Dataset records:
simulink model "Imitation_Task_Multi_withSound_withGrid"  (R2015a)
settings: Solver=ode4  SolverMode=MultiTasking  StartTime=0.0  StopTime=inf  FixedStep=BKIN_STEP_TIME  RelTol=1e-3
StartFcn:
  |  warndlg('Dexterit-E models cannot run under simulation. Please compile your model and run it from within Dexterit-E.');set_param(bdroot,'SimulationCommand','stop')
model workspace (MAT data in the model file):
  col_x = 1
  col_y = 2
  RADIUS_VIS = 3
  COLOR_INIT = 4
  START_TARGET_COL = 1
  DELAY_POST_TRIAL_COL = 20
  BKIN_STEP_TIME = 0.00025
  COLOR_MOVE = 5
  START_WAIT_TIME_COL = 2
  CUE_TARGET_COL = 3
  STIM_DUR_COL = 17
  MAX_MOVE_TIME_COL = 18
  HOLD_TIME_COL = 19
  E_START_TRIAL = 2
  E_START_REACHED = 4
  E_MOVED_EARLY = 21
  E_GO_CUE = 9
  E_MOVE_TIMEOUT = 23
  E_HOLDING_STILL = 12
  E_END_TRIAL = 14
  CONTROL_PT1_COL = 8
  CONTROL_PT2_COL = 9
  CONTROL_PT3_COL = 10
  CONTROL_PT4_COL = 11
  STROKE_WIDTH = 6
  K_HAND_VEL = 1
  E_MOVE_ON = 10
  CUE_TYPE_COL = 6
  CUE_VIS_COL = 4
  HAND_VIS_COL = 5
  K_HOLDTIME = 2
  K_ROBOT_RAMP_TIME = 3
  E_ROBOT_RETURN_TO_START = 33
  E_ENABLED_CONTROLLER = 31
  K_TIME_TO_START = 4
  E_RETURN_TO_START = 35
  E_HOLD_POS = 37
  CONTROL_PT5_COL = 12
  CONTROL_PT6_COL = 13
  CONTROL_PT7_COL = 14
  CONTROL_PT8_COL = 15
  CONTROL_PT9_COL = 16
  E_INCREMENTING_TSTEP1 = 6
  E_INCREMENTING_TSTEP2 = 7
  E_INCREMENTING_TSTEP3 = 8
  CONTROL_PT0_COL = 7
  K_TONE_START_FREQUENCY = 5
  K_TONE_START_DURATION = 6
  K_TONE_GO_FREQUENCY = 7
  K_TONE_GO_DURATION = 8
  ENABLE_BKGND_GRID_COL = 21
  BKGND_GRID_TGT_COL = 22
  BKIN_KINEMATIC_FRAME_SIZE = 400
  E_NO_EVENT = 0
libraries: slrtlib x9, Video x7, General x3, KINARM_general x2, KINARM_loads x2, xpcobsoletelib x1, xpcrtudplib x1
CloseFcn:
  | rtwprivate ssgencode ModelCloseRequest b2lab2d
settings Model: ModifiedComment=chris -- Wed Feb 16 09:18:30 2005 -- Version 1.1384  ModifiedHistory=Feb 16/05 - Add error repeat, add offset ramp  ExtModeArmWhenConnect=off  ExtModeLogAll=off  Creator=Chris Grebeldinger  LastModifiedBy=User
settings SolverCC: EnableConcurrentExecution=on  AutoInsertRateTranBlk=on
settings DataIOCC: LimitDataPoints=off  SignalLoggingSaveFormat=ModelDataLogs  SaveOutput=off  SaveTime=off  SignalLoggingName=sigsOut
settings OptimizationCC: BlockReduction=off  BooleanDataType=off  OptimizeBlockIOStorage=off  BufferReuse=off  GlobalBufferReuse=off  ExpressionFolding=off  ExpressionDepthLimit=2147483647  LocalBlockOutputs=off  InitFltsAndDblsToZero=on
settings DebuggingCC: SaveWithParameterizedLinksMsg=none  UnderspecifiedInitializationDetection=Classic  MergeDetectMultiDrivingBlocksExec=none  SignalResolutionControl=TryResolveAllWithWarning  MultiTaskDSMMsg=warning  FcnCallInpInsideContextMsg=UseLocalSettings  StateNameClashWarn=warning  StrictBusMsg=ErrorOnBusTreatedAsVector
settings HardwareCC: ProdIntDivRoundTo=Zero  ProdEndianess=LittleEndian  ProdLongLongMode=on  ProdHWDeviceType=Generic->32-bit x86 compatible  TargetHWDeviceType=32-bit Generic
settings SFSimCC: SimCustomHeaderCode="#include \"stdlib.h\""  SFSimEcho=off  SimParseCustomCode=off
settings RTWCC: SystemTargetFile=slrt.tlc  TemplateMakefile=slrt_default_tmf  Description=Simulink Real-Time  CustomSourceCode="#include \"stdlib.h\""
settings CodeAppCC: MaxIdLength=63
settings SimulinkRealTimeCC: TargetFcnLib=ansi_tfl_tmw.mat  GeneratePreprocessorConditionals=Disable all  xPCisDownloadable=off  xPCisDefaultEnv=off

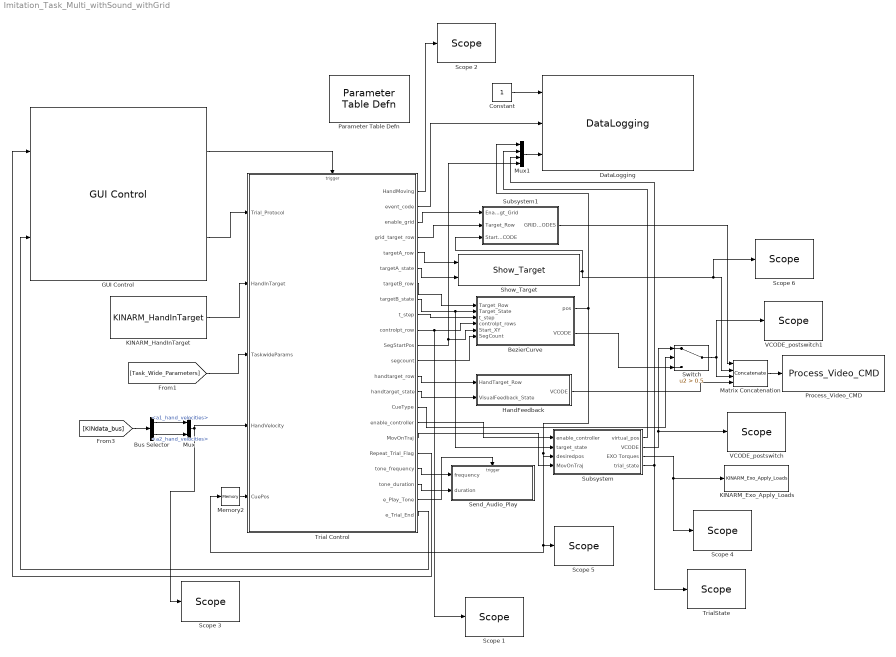
== system Imitation_Task_Multi_withSound_withGrid ==
  BezierCurve : Subsystem
  Bus Selector : BusSelector  OutputSignals=Robot1.a1_hand_velocities,Robot2.a2_hand_velocities
  Constant : Constant
  DataLogging : General/DataLogging  log_event_codes=on  log_analog_inputs=on  show_time_remaining=off
  GUI Control : General/GUI Control  target_type_str=Circle  Target_Type=1  XYcols=[1 2]  Vcols=3  Lcols=4  indices_padding=[0 0 0 0;0 0 0 0]  task_version=1.0  show_repeat_trial_flag=on  target_table_rows=64  load_table_rows=20  tp_table_rows=100
  HandFeedback : Subsystem
  KINARM_Exo_Apply_Loads : KINARM_loads/KINARM_Exo_Apply_Loads  up_duration=200  down_duration=200  max_torque=7  limit_motors=off
  KINARM_HandInTarget : KINARM_general/KINARM_HandInTarget  use_dominant_hand=on  target_type=Circle  num_states=1  attribcol1=[RADIUS_VIS]  attribcol2=[4]  attribcol3=[5]  attribcol4=[6]  attribcol5=[0]
  Matrix Concatenation : Concatenate  NumInputs=4  Mode=Multidimensional array
  Memory2 : Memory  InheritSampleTime=on
  Mux : Mux  Inputs=[2 2]
  Mux1 : Mux
  Parameter Table Defn : General/Parameter Table Defn  ShowInLibBrowser=0
  Process_Video_CMD : Video/Process_Video_CMD  video_delay=50
  Scope 1 : slrtlib/Displays and Logging/Scope   scopeno=2  scopetype=Target  autostart=on  viewmode=Numerical  formatstr='%15.6f'  grid=on  ylimits=[0,0]  nosamples=250  noprepostsamples=0  interleave=1  triggermode=FreeRun  triggersignal=1  trigsignalfromport=off  triggerlevel=0.0  triggerslope=Either  triggerscope=1  triggersample=0  filename=data.dat  mode=Lazy  writesize=512  autorestart=off  dynamicfilemode=off  maxwritefilesize=512*1024^2
  Scope 2 : slrtlib/Displays and Logging/Scope   scopeno=3  scopetype=Target  autostart=on  viewmode=Numerical  formatstr='%15.6f'  grid=on  ylimits=[0,0]  nosamples=250  noprepostsamples=0  interleave=1  triggermode=FreeRun  triggersignal=1  trigsignalfromport=off  triggerlevel=0.0  triggerslope=Either  triggerscope=1  triggersample=0  filename=data.dat  mode=Lazy  writesize=512  autorestart=off  dynamicfilemode=off  maxwritefilesize=512*1024^2
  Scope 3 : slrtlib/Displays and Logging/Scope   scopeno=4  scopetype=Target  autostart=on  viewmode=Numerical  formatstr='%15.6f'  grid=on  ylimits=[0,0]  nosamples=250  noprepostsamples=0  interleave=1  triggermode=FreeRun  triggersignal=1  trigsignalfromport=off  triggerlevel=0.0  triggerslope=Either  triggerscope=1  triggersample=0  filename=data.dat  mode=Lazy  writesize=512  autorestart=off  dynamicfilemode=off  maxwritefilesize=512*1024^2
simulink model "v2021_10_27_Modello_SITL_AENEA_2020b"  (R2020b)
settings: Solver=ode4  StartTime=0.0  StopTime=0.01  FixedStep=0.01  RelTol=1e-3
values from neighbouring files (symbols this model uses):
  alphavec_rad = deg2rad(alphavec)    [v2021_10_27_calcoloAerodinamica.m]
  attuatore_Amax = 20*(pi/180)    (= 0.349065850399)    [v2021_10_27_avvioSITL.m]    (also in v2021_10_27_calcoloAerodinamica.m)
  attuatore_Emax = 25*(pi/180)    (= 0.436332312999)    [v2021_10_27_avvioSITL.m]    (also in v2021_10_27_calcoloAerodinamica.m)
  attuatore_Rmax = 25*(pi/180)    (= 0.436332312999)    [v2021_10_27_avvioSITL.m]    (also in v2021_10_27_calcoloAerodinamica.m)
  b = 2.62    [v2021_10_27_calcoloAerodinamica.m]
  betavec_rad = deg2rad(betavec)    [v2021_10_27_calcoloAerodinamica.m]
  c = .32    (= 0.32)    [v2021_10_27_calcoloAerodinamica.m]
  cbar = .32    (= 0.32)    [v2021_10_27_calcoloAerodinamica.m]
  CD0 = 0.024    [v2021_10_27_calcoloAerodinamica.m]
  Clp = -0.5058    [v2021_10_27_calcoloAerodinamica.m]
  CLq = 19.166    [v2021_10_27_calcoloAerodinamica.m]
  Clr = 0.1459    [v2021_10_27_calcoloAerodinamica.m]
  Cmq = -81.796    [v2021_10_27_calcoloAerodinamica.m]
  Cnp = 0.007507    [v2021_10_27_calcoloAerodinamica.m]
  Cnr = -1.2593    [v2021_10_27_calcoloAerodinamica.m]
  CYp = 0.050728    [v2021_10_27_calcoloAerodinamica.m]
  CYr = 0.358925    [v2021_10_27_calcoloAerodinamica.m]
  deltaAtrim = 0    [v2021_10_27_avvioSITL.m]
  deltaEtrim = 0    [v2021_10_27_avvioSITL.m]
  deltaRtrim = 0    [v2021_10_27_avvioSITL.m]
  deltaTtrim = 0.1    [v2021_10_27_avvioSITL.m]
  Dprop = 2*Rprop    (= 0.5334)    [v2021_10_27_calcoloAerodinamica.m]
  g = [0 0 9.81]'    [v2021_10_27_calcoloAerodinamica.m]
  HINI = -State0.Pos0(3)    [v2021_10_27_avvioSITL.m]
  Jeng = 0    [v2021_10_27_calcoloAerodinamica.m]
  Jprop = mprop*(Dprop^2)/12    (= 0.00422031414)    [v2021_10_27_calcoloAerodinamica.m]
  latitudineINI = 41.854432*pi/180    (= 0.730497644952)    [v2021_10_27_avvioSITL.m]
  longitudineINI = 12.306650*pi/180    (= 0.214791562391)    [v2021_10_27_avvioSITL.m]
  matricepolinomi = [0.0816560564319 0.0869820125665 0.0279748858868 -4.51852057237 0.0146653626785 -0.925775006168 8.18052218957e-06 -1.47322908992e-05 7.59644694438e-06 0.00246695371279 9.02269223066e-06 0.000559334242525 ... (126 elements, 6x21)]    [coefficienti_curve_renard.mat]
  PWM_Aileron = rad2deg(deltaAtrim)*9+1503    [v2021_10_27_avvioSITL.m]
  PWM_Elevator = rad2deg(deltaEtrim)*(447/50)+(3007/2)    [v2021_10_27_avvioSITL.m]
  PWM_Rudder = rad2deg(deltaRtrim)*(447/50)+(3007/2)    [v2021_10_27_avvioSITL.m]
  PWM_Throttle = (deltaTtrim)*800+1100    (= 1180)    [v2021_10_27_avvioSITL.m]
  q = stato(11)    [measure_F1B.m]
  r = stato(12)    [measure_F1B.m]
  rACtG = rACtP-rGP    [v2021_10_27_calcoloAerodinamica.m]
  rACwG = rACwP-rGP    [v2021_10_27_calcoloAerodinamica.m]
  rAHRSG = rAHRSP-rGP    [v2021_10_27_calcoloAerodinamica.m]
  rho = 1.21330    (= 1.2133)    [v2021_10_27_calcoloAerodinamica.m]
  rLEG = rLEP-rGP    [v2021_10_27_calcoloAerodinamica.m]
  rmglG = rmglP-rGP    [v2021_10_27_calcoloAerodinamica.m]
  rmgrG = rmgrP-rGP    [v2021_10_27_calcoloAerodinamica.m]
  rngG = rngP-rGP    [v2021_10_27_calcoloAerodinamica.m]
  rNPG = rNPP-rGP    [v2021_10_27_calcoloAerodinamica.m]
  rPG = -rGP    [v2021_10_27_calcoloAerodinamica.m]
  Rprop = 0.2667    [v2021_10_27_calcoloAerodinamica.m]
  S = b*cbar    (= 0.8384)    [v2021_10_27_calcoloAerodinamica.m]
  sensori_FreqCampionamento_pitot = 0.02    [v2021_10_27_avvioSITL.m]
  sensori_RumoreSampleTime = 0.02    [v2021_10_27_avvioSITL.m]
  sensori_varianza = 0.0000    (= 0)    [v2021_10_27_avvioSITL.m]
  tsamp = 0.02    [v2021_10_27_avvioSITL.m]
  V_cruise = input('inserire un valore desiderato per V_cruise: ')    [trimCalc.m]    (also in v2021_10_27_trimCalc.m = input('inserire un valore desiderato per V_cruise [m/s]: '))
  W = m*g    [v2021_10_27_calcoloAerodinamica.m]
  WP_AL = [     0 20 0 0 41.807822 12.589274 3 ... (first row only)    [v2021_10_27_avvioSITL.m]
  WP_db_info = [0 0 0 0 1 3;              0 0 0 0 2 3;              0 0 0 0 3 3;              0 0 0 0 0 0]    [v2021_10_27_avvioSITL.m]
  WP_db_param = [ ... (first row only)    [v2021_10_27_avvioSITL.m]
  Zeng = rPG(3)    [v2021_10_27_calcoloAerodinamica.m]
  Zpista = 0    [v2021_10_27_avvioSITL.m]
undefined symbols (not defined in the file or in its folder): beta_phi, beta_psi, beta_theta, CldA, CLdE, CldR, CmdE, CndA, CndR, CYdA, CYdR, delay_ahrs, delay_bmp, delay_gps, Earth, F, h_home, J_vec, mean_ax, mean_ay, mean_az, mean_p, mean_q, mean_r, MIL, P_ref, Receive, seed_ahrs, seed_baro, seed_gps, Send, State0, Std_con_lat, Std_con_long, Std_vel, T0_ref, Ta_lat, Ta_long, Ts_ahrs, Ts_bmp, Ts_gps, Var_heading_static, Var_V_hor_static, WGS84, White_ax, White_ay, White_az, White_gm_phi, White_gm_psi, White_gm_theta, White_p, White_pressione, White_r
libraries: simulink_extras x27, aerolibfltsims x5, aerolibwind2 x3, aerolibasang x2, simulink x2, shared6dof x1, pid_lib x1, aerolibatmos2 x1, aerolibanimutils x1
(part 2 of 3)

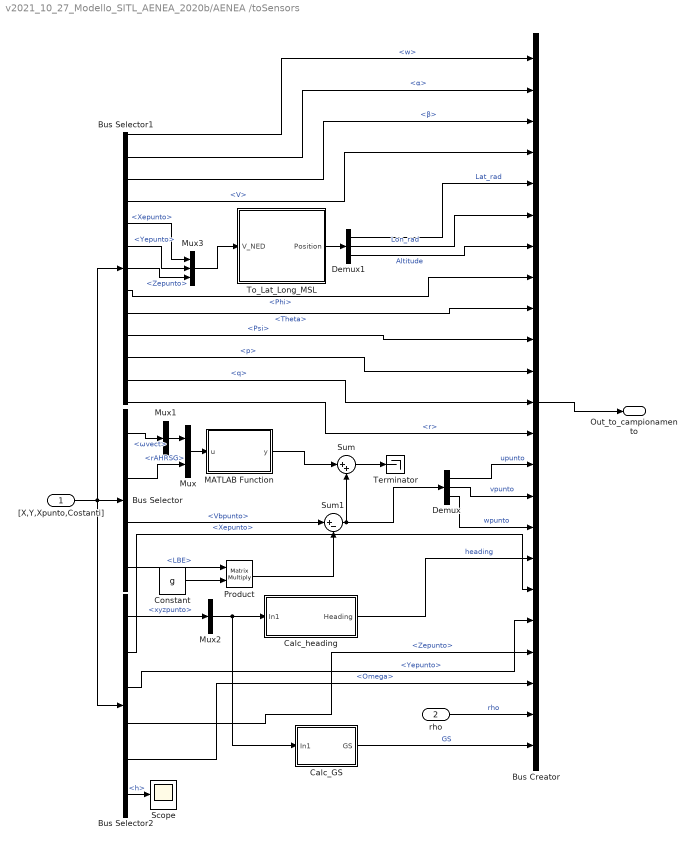
== system v2021_10_27_Modello_SITL_AENEA_2020b/AENEA /toSensors ==
  "[X,Y,Xpunto,Costanti]" : Inport
  rho : Inport  Port=2
  Bus Creator : BusCreator  Inputs=23
  Bus Selector : BusSelector  OutputSignals=X.ωvect,Costanti.Vett_caratteristici.rAHRSG,Xpunto.Vbpunto,Y.LBE
  Bus Selector1 : BusSelector  OutputSignals=X.uvw.w,Y.Vbpolare.α,Y.Vbpolare.β,Y.Vbpolare.V,Xpunto.xyzpunto.Xepunto,Xpunto.xyzpunto.Yepunto,Xpunto.xyzpunto.Zepunto,X.PhiThetaPsi.Phi,X.PhiThetaPsi.Theta,X.PhiThetaPsi.Psi,X.ωvect.p,X.ωvect.q,X.ωvect.r
  Bus Selector2 : BusSelector  OutputSignals=Xpunto.xyzpunto,Xpunto.xyzpunto.Xepunto,Xpunto.xyzpunto.Yepunto,Xpunto.xyzpunto.Zepunto,Y.Omega,X.xyz.h
  Calc_GS : Subsystem
  Calc_heading : Subsystem
  Constant : Constant  Value=g
  Demux : Demux  Outputs=3
  Demux1 : Demux  Outputs=3
  MATLAB Function : MATLAB Function  TreatAsAtomicUnit=on
  Mux : Mux  Inputs=2
  Mux1 : Mux  Inputs=1
  Mux2 : Mux  Inputs=1
  Mux3 : Mux  Inputs=3
  Product : Product  Multiplication=Matrix(*)
  Scope : Scope
  Sum : Sum  Inputs=|++
  Sum1 : Sum  Inputs=|+-
  Terminator : Terminator
  To_Lat_Long_MSL : Subsystem
  Out_to_campionamento : Outport  VectorParamsAs1DForOutWhenUnconnected=off
  wires:
  "[X,Y,Xpunto,Costanti]"/1 -> Bus Selector2/1, Bus Selector1/1, Bus Selector/1
  Mux/1 -> MATLAB Function/1(u)
  Mux1/1 -> Mux/1
  Bus Selector/4 -> Product/1  "<LBE>"
  Constant/1 -> Product/2
  Mux2/1 -> Calc_GS/1(In1), Calc_heading/1(In1)
  Bus Selector2/1 -> Mux2/1  "<xyzpunto>"
  Bus Selector1/1 -> Bus Creator/1  "<w>"
  Bus Selector1/2 -> Bus Creator/2  "<α>"
  Bus Selector1/3 -> Bus Creator/3  "<β>"
  Bus Creator/1 -> Out_to_campionamento/1
  Bus Selector1/4 -> Bus Creator/4  "<V>"
  Bus Selector1/8 -> Bus Creator/8  "<Phi>"
  Bus Selector1/9 -> Bus Creator/9  "<Theta>"
  Bus Selector1/10 -> Bus Creator/10  "<Psi>"
  Bus Selector1/11 -> Bus Creator/11  "<p>"
  Bus Selector1/12 -> Bus Creator/12  "<q>"
  Bus Selector1/13 -> Bus Creator/13  "<r>"
  Demux/1 -> Bus Creator/14  "upunto"
  Demux/2 -> Bus Creator/15  "vpunto"
  Demux/3 -> Bus Creator/16  "wpunto"
  Calc_heading/1(Heading) -> Bus Creator/17  "heading"
  Bus Selector2/5 -> Bus Creator/21  "<Omega>"
  rho/1 -> Bus Creator/22  "rho"
  Calc_GS/1(GS) -> Bus Creator/23  "GS"
  Mux3/1 -> To_Lat_Long_MSL/1(V_NED)
  Bus Selector1/7 -> Mux3/3  "<Zepunto>"
  Bus Selector1/6 -> Mux3/2  "<Yepunto>"
  Bus Selector1/5 -> Mux3/1  "<Xepunto>"
  To_Lat_Long_MSL/1(Position) -> Demux1/1
  Demux1/1 -> Bus Creator/5  "Lat_rad"
  Demux1/2 -> Bus Creator/6  "Lon_rad"
  Demux1/3 -> Bus Creator/7  "Altitude"
  Bus Selector2/2 -> Bus Creator/18  "<Xepunto>"
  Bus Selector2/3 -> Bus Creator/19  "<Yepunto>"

◆ What the task requires
Up to and including the line with "CONTROL_PT3_COL = 10", restate the records above word for word from the very first line.

◆ Exercise output
simulink model "Imitation_Task_Multi_withSound_withGrid"  (R2015a)
settings: Solver=ode4  SolverMode=MultiTasking  StartTime=0.0  StopTime=inf  FixedStep=BKIN_STEP_TIME  RelTol=1e-3
StartFcn:
  |  warndlg('Dexterit-E models cannot run under simulation. Please compile your model and run it from within Dexterit-E.');set_param(bdroot,'SimulationCommand','stop')
model workspace (MAT data in the model file):
  col_x = 1
  col_y = 2
  RADIUS_VIS = 3
  COLOR_INIT = 4
  START_TARGET_COL = 1
  DELAY_POST_TRIAL_COL = 20
  BKIN_STEP_TIME = 0.00025
  COLOR_MOVE = 5
  START_WAIT_TIME_COL = 2
  CUE_TARGET_COL = 3
  STIM_DUR_COL = 17
  MAX_MOVE_TIME_COL = 18
  HOLD_TIME_COL = 19
  E_START_TRIAL = 2
  E_START_REACHED = 4
  E_MOVED_EARLY = 21
  E_GO_CUE = 9
  E_MOVE_TIMEOUT = 23
  E_HOLDING_STILL = 12
  E_END_TRIAL = 14
  CONTROL_PT1_COL = 8
  CONTROL_PT2_COL = 9
  CONTROL_PT3_COL = 10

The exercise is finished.